(Extracted data entries)
--

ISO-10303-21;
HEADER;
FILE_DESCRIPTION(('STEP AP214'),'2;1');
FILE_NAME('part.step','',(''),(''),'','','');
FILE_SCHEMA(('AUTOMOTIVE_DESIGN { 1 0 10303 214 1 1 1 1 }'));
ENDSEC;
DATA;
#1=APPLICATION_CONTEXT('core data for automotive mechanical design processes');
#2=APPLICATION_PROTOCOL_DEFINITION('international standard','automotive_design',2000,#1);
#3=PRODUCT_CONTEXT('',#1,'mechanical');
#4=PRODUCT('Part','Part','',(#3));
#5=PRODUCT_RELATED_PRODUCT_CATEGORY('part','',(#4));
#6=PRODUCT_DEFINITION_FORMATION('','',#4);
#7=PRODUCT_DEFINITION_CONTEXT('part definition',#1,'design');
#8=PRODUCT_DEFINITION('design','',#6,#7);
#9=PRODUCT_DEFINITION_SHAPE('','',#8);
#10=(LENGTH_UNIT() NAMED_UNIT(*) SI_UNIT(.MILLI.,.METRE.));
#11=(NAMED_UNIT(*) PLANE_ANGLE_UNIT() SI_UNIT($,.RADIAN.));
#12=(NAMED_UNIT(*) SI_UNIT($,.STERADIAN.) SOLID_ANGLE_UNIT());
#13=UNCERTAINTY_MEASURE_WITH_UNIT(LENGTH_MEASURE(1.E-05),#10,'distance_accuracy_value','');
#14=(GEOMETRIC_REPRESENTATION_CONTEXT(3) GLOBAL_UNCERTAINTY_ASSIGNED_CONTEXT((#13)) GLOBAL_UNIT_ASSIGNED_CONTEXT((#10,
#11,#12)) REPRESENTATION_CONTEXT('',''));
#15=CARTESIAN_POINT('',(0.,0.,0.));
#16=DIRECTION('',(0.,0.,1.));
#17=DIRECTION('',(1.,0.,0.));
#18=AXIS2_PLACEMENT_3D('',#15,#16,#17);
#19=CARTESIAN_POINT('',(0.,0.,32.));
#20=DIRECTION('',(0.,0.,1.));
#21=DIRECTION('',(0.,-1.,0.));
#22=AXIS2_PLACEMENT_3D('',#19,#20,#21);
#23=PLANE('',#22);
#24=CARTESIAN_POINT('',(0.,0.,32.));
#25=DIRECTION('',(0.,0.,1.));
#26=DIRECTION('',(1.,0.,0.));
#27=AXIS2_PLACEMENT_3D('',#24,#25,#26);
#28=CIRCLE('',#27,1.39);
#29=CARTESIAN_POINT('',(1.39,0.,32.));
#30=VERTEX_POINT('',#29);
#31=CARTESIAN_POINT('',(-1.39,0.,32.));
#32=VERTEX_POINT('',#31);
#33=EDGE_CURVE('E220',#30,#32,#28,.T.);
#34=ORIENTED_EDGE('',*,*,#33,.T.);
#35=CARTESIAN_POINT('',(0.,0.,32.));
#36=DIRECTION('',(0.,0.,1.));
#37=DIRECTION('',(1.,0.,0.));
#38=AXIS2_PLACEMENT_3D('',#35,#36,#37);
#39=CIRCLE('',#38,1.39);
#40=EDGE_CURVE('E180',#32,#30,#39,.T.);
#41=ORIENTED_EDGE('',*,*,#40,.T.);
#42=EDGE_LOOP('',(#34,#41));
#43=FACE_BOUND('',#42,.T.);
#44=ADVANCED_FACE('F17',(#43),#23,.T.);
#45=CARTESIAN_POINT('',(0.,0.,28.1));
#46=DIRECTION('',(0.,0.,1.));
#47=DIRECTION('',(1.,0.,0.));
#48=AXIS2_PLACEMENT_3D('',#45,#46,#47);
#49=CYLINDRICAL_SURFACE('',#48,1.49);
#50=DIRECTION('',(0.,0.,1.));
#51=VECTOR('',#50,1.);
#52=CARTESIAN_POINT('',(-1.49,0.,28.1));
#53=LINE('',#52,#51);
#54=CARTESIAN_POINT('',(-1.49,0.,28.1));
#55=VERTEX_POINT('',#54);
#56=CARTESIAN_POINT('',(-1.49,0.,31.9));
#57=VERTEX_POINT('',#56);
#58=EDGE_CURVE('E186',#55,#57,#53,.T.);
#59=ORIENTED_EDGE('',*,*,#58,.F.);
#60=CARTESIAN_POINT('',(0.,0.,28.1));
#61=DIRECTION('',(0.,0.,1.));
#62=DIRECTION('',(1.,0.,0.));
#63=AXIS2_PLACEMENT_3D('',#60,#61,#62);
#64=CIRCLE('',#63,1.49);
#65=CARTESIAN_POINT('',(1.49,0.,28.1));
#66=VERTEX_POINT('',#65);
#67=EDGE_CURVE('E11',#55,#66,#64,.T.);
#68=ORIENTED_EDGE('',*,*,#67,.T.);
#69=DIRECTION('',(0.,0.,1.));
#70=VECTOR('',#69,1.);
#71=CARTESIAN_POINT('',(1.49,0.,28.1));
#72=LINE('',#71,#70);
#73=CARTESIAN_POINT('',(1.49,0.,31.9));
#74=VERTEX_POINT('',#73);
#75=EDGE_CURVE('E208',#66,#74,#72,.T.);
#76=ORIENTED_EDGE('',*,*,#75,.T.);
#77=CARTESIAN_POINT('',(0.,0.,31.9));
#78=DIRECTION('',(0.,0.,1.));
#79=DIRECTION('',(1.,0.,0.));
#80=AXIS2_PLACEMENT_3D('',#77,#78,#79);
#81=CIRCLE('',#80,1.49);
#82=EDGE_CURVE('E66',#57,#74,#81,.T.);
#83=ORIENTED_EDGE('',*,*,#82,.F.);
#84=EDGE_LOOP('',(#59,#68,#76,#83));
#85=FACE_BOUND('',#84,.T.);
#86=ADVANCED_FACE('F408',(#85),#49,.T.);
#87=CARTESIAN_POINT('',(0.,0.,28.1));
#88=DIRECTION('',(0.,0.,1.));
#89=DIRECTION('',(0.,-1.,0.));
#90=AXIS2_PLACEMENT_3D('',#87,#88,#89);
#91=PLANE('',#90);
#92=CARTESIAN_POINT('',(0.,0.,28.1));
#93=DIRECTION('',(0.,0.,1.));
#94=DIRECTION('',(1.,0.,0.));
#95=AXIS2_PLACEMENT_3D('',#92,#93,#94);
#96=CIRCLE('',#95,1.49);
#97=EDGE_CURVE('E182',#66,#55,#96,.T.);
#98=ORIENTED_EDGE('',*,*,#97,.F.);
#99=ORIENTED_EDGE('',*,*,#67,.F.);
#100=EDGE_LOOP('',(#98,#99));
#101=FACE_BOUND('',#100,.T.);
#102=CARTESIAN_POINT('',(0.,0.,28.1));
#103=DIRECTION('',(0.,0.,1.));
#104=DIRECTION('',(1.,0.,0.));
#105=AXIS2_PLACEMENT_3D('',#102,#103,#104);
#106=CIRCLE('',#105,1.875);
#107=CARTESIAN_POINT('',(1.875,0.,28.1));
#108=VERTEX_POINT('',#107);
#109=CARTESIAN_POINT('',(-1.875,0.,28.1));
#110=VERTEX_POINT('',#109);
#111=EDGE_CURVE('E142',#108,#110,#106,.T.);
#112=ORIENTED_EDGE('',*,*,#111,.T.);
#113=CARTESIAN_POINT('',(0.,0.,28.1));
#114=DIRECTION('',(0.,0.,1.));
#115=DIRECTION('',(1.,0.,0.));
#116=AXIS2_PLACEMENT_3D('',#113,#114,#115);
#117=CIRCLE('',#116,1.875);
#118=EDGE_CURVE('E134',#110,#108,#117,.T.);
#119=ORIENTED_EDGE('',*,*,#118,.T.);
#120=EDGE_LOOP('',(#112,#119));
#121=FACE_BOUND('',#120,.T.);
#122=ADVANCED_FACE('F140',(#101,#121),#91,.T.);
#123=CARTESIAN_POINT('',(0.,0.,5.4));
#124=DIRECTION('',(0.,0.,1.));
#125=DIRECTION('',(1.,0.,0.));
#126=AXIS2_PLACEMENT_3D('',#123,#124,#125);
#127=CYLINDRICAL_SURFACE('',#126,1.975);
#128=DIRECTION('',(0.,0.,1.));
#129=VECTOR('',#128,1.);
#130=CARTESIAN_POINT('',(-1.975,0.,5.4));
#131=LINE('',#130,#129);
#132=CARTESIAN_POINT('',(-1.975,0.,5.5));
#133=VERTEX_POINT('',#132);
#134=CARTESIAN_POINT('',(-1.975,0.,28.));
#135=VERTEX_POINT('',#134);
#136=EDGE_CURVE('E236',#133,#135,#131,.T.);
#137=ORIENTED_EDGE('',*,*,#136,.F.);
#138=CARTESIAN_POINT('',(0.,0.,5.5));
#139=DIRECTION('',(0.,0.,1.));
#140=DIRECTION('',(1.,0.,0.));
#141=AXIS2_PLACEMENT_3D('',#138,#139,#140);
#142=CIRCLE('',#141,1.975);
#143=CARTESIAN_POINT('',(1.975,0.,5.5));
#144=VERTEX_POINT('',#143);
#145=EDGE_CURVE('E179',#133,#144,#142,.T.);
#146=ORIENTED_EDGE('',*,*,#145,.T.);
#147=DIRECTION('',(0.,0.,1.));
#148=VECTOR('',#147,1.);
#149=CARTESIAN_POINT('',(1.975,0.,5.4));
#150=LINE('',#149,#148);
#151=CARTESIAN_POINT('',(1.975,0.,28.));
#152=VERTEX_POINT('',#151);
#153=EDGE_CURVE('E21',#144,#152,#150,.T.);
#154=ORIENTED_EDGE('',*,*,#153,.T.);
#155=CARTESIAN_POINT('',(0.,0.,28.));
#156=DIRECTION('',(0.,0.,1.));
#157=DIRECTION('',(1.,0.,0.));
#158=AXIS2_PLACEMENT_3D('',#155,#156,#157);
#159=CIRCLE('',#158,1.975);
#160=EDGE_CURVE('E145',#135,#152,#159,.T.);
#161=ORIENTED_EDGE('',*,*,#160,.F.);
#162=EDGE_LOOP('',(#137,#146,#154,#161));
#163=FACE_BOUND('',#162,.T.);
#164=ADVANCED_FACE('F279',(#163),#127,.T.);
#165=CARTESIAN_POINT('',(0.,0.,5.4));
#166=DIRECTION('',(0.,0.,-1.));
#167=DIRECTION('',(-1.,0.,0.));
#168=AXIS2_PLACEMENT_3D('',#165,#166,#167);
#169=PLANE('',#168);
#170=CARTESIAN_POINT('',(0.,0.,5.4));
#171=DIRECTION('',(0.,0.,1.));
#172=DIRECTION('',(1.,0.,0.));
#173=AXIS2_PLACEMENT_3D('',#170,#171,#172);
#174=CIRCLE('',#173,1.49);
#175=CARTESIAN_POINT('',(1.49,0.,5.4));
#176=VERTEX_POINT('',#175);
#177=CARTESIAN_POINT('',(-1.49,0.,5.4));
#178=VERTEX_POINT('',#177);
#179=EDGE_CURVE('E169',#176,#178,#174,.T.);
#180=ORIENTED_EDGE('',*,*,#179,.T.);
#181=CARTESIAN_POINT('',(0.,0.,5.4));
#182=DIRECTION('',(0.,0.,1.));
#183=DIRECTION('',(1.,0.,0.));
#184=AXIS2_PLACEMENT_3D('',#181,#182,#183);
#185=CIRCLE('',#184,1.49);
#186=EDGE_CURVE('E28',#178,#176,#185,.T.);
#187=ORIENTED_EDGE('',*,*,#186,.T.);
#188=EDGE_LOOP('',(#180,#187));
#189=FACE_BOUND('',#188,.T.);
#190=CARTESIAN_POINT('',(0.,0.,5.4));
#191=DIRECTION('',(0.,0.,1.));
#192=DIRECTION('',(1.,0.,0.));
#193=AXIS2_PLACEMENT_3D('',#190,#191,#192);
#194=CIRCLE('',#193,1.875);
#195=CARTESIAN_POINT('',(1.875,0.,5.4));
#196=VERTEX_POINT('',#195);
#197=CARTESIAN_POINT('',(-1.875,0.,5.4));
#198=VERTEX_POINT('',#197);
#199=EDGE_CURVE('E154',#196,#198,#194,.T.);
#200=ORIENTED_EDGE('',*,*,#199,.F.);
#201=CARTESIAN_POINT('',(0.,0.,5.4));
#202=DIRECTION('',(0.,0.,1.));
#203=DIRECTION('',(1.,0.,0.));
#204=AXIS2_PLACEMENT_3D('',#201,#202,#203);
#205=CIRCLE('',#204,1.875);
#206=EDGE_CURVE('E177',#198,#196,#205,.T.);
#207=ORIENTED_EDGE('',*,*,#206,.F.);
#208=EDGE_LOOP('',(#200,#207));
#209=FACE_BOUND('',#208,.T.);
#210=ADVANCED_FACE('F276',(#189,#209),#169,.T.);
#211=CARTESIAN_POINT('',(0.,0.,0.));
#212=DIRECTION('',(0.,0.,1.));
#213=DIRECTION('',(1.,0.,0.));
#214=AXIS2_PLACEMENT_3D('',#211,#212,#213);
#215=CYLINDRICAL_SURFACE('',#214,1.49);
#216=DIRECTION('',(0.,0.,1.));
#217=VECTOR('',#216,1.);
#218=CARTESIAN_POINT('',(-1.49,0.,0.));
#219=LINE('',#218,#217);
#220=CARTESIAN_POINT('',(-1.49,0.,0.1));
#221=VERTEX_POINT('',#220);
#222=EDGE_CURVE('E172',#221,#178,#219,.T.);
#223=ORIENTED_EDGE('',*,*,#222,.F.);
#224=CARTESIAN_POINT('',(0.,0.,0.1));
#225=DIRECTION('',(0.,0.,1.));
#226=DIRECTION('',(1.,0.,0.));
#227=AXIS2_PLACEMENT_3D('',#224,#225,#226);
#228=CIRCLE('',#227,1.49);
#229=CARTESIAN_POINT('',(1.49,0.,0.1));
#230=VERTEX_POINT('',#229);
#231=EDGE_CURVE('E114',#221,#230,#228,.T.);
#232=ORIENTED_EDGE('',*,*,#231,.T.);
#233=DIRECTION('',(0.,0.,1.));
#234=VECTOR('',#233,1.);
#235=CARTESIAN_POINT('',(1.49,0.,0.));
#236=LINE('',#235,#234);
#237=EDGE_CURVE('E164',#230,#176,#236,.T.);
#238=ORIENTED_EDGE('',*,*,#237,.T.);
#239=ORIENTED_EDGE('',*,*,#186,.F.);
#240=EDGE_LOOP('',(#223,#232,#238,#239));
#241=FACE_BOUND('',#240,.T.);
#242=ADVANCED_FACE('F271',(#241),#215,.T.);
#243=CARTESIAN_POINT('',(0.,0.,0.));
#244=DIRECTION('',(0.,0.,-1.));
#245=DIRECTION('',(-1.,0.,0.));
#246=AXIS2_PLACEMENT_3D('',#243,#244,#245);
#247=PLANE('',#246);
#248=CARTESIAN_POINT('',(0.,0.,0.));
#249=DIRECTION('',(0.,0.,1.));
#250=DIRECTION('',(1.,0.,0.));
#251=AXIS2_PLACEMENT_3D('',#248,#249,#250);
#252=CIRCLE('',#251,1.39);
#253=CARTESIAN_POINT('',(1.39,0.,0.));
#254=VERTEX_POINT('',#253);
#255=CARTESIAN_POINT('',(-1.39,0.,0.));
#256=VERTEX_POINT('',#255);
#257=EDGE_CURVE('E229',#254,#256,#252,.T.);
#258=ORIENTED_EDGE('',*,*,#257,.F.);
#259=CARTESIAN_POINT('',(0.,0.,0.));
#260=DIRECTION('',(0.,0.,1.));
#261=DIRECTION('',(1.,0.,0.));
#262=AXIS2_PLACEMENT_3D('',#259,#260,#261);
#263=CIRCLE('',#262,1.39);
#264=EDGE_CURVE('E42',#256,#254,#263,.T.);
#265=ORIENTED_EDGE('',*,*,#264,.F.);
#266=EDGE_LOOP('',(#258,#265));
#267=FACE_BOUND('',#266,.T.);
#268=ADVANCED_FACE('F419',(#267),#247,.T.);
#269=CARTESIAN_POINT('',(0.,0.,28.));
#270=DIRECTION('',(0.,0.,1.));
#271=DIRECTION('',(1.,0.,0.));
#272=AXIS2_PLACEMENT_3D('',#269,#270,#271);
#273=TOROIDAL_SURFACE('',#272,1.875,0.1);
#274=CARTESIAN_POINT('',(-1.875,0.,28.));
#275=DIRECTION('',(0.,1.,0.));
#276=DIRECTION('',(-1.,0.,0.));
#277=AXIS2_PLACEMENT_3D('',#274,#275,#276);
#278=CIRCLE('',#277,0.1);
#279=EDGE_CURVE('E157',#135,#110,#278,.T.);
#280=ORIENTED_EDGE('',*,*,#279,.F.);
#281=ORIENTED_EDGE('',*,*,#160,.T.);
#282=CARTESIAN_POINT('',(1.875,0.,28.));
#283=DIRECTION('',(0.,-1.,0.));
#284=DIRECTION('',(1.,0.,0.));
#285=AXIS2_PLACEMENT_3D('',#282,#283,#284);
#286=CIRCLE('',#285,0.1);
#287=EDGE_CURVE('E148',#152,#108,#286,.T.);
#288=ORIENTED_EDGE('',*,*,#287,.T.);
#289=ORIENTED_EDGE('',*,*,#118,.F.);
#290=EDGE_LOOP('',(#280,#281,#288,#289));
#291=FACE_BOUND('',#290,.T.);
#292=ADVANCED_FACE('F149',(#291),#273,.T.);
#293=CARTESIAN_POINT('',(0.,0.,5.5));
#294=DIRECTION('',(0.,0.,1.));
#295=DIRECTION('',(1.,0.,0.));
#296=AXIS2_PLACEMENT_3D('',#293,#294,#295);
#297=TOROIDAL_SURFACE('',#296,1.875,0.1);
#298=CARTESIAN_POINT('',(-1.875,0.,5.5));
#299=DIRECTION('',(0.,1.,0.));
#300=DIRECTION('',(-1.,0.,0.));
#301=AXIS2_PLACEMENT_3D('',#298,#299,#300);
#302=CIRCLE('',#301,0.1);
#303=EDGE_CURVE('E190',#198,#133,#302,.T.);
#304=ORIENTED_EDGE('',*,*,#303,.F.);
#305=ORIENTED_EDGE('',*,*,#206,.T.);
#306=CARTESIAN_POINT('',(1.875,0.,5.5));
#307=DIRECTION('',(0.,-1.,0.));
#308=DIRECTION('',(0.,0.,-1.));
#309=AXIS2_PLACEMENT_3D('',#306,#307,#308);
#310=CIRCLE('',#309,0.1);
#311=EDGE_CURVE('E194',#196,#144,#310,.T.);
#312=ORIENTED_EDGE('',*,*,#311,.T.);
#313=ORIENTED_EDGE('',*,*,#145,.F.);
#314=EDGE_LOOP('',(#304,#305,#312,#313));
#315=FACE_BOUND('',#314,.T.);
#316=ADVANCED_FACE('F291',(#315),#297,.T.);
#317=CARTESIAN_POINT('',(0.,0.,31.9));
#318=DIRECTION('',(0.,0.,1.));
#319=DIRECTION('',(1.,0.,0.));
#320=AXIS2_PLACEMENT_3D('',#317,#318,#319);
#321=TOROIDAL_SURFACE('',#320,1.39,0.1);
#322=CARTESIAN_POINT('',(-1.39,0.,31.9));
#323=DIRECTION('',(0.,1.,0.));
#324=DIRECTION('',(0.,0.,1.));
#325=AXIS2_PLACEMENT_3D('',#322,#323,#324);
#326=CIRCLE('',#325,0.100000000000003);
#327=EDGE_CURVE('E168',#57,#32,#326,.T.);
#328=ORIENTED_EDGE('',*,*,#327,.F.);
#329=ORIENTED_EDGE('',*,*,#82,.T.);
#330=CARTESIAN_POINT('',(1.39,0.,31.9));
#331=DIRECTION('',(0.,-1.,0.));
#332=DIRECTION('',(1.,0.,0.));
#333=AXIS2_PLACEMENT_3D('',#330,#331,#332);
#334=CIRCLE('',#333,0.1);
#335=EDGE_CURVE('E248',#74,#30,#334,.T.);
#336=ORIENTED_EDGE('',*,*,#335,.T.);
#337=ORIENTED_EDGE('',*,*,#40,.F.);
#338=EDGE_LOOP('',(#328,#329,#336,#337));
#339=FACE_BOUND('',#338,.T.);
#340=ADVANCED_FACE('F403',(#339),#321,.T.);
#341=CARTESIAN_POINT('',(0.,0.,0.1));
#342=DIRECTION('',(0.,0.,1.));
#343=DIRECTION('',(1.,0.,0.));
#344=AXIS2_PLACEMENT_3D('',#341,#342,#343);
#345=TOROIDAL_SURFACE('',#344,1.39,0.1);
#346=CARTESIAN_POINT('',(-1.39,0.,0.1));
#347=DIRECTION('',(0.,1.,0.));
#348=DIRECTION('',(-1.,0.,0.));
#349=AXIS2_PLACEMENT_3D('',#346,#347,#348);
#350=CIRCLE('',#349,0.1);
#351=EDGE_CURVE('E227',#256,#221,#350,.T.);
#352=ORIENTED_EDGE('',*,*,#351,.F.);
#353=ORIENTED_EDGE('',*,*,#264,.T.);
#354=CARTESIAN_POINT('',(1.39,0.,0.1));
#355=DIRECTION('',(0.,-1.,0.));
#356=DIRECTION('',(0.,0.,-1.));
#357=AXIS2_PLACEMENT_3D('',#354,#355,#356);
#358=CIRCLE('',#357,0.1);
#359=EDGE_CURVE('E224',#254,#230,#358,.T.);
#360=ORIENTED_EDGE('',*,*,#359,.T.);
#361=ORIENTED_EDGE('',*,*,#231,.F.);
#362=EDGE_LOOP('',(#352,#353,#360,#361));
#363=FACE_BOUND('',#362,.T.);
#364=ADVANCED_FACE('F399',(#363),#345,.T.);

--

# WHAT YOU NEED TO DO
Copy exactly the stretch of data above from the line with "#147=DIRECTION('',(0.,0.,1.));" through the line with "#172=DIRECTION('',(1.,0.,0.));", and omit all other lines.

# WRITTEN REPLY
#147=DIRECTION('',(0.,0.,1.));
#148=VECTOR('',#147,1.);
#149=CARTESIAN_POINT('',(1.975,0.,5.4));
#150=LINE('',#149,#148);
#151=CARTESIAN_POINT('',(1.975,0.,28.));
#152=VERTEX_POINT('',#151);
#153=EDGE_CURVE('E21',#144,#152,#150,.T.);
#154=ORIENTED_EDGE('',*,*,#153,.T.);
#155=CARTESIAN_POINT('',(0.,0.,28.));
#156=DIRECTION('',(0.,0.,1.));
#157=DIRECTION('',(1.,0.,0.));
#158=AXIS2_PLACEMENT_3D('',#155,#156,#157);
#159=CIRCLE('',#158,1.975);
#160=EDGE_CURVE('E145',#135,#152,#159,.T.);
#161=ORIENTED_EDGE('',*,*,#160,.F.);
#162=EDGE_LOOP('',(#137,#146,#154,#161));
#163=FACE_BOUND('',#162,.T.);
#164=ADVANCED_FACE('F279',(#163),#127,.T.);
#165=CARTESIAN_POINT('',(0.,0.,5.4));
#166=DIRECTION('',(0.,0.,-1.));
#167=DIRECTION('',(-1.,0.,0.));
#168=AXIS2_PLACEMENT_3D('',#165,#166,#167);
#169=PLANE('',#168);
#170=CARTESIAN_POINT('',(0.,0.,5.4));
#171=DIRECTION('',(0.,0.,1.));
#172=DIRECTION('',(1.,0.,0.));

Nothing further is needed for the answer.